How do I fix this? Or am I S.O.L.?


----------



## rka0 (Oct 12, 2007)

Hi Ashika.You may find something here to help you.
http://uk.search.yahoo.com/search?fr=ytff1-&p=Unable to initialize Direct3D&ei=UTF-8


----------



## Ashika (Mar 25, 2006)

Thanks, I'll check that.


----------



## Ashika (Mar 25, 2006)

Nothing really helpful there...or at least I could not find anything useful.


----------



## rka0 (Oct 12, 2007)

Hi Ashika. Is this a recent thing, if so, are you able to do a restore to a date when it was working ok.


----------



## Ashika (Mar 25, 2006)

Ok, so I've completely wiped my HD, reformatted and reinstalled everything (necessary). I installed AoEIII and started playing. Yep, at least I got that far. However, shortly after I ran into some VPU recovery problems. I quit the game (kinda had to as it ran so slowly it was rather unplayable) and restarted. I went and installed brand new drivers (I had played the game with drivers provided on the GPU installation CD as I had way back when things all worked well). Tried to play again but received that familiar and oh-so-hated Unable to Initialize Direct 3D.

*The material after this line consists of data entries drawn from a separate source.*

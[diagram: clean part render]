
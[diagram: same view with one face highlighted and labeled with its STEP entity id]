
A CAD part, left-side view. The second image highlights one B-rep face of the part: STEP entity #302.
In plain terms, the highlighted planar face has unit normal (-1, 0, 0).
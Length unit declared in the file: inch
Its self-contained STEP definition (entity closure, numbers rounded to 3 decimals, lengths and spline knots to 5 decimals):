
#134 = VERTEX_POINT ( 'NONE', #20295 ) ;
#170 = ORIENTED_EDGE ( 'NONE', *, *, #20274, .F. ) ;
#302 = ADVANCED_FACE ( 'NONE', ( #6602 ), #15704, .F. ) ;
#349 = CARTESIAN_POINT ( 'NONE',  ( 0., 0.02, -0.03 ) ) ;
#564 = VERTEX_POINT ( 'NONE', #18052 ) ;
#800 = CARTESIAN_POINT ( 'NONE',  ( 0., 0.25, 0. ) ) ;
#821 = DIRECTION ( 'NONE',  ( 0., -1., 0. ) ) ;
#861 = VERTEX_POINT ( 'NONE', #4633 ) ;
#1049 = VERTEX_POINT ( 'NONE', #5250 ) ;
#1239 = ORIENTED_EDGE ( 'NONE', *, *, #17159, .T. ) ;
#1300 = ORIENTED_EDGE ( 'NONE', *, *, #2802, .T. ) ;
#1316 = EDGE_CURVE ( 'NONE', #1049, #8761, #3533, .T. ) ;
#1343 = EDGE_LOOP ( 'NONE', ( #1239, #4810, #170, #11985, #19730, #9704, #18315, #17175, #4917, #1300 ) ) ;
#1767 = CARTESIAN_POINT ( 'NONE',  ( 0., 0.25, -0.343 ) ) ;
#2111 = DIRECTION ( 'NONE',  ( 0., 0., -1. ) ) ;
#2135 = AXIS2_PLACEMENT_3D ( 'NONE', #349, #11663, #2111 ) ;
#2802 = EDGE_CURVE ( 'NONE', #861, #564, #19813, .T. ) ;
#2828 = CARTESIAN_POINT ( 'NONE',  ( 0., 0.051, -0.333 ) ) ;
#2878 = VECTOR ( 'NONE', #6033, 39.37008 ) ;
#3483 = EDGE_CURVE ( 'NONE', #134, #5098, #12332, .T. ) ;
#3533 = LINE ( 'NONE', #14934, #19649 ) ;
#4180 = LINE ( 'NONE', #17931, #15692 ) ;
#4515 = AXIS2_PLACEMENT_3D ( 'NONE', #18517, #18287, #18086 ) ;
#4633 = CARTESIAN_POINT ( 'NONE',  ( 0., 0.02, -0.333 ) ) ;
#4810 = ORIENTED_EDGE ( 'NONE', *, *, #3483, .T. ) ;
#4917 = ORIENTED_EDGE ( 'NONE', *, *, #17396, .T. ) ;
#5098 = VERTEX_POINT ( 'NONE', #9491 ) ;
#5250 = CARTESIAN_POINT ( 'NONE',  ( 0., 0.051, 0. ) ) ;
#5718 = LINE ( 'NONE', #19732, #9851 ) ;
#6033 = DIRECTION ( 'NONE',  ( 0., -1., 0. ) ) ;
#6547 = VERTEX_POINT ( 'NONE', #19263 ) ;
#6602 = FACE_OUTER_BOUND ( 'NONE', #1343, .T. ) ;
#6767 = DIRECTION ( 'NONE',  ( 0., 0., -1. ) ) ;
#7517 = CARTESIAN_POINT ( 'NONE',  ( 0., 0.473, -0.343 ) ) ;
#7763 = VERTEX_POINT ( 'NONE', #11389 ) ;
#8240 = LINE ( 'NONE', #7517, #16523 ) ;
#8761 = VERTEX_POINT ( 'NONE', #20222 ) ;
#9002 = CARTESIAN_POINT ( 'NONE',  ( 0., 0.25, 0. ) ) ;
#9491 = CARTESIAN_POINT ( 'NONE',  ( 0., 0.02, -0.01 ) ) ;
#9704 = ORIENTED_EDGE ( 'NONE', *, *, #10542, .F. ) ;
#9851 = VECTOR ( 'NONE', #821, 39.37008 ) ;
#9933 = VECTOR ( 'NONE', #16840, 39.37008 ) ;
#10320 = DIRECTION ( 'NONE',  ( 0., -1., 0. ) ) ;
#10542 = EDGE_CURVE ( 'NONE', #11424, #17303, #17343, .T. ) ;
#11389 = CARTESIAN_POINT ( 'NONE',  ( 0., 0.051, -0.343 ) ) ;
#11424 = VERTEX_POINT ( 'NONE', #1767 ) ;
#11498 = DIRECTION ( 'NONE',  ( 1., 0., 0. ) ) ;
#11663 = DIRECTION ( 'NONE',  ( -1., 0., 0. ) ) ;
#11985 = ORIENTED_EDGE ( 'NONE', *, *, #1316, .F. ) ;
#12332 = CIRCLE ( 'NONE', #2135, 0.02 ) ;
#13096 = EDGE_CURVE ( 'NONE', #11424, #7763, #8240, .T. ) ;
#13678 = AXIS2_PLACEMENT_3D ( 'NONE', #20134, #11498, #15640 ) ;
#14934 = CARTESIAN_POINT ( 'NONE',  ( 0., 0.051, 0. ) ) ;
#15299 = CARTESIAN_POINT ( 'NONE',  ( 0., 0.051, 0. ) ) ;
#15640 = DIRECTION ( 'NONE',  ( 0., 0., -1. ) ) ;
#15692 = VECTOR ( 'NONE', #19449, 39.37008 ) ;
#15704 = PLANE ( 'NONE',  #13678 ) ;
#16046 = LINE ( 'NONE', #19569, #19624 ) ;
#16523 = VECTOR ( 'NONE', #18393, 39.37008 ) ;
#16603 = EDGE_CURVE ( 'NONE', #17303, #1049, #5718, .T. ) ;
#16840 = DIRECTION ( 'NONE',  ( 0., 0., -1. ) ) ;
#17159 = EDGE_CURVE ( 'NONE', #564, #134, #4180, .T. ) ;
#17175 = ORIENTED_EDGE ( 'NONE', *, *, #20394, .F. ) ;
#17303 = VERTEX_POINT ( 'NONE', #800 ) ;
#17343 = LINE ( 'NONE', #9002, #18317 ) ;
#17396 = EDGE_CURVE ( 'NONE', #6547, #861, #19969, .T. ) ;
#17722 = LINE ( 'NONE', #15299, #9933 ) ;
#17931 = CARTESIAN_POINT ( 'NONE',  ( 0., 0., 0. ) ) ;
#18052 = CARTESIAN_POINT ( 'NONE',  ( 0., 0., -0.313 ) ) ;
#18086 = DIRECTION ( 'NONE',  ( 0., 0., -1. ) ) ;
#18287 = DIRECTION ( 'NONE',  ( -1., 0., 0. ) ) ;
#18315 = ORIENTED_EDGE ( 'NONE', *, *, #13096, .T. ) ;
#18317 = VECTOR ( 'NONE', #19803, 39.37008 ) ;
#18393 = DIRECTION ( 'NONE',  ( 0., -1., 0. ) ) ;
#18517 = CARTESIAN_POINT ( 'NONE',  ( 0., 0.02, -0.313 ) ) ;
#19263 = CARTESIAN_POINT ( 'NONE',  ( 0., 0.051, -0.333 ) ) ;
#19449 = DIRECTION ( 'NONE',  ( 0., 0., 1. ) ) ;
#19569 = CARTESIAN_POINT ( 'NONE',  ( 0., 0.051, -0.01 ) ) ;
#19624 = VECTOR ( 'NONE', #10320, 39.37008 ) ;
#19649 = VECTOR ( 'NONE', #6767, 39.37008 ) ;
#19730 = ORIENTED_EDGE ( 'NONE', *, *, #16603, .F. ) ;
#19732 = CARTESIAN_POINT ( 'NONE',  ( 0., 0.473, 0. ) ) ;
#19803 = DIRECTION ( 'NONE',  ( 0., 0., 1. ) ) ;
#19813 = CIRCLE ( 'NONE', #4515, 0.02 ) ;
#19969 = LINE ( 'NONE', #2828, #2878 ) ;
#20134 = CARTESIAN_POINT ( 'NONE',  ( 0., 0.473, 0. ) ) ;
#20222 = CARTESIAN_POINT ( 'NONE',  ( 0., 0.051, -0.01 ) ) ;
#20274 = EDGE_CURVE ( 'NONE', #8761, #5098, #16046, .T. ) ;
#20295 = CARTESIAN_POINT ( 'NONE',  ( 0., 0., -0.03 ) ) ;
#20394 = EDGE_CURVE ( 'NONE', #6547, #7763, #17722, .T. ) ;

So is my card dead/dying? I think I've had it less than a year. I haven't always checked, but for the last couple of months it's been running at ~60 degrees, which seems fine. I'm not opposed to buying a new card as a means of avoiding a whole wack of tests/trial&error/time wasted. In fact, if there really isn't a quick solution, I think I'd rather spend about MAX $150 on a new card...just something to play AoEIII at mid-range settings. I will be buying a laptop in the new year and this old comp won't be used for gaming much at all.

In short: 
1) anyone know a quick solution to my VPU recovery/Direct 3D problem or how to check if my card is dying?
2) if not, what steps/checklist must I run through to ensure a new card is compatible with my old (2004ish) motherboard (MSI KM3M)? I'm interested in the GeForce 8600 GT GDDR3 or the Radeon HD 2600 XT and I currently have a Radeon X800.


----------



## Ashika (Mar 25, 2006)

Any ideas? Anyone?


----------



## ARTETUREN (Dec 2, 2007)

Ashika said:


> Any ideas? Anyone?


Hai,
check in display properties |advanced|troubleshoot| hardvare acceleration must be max on right. Reinstall directX (driver cd for graphics card). If that`s ok, change the GC.


----------



## Ashika (Mar 25, 2006)

Thanks for the reply. I'll check that when I get home, but I'm betting that it's ok. I recall checking hardware acceleration before and it was set to MAX. I had the latest directX, and with the reformate of my computer I'm betting directX is good to go


----------



## ARTETUREN (Dec 2, 2007)

Ashika said:


> Thanks for the reply. I'll check that when I get home, but I'm betting that it's ok. I recall checking hardware acceleration before and it was set to MAX. I had the latest directX, and with the reformate of my computer I'm betting directX is good to go


Hai
Add the ventilator to blow in the direction of cooler at graphic card. I think may be temperature high, definitly if 65 deg. in ordinary state.


----------



## Ashika (Mar 25, 2006)

Here's an update of what I accomplished on the weekend (the only time when I can do any serious work at home):

Swapped this problem card with the stock card that came with the comp when I bought it in '04, that card did not work for some reason. It installed the standard plug&play, no other installation required. I tried the problem card in another computer, it worked. I put it back into the original computer and...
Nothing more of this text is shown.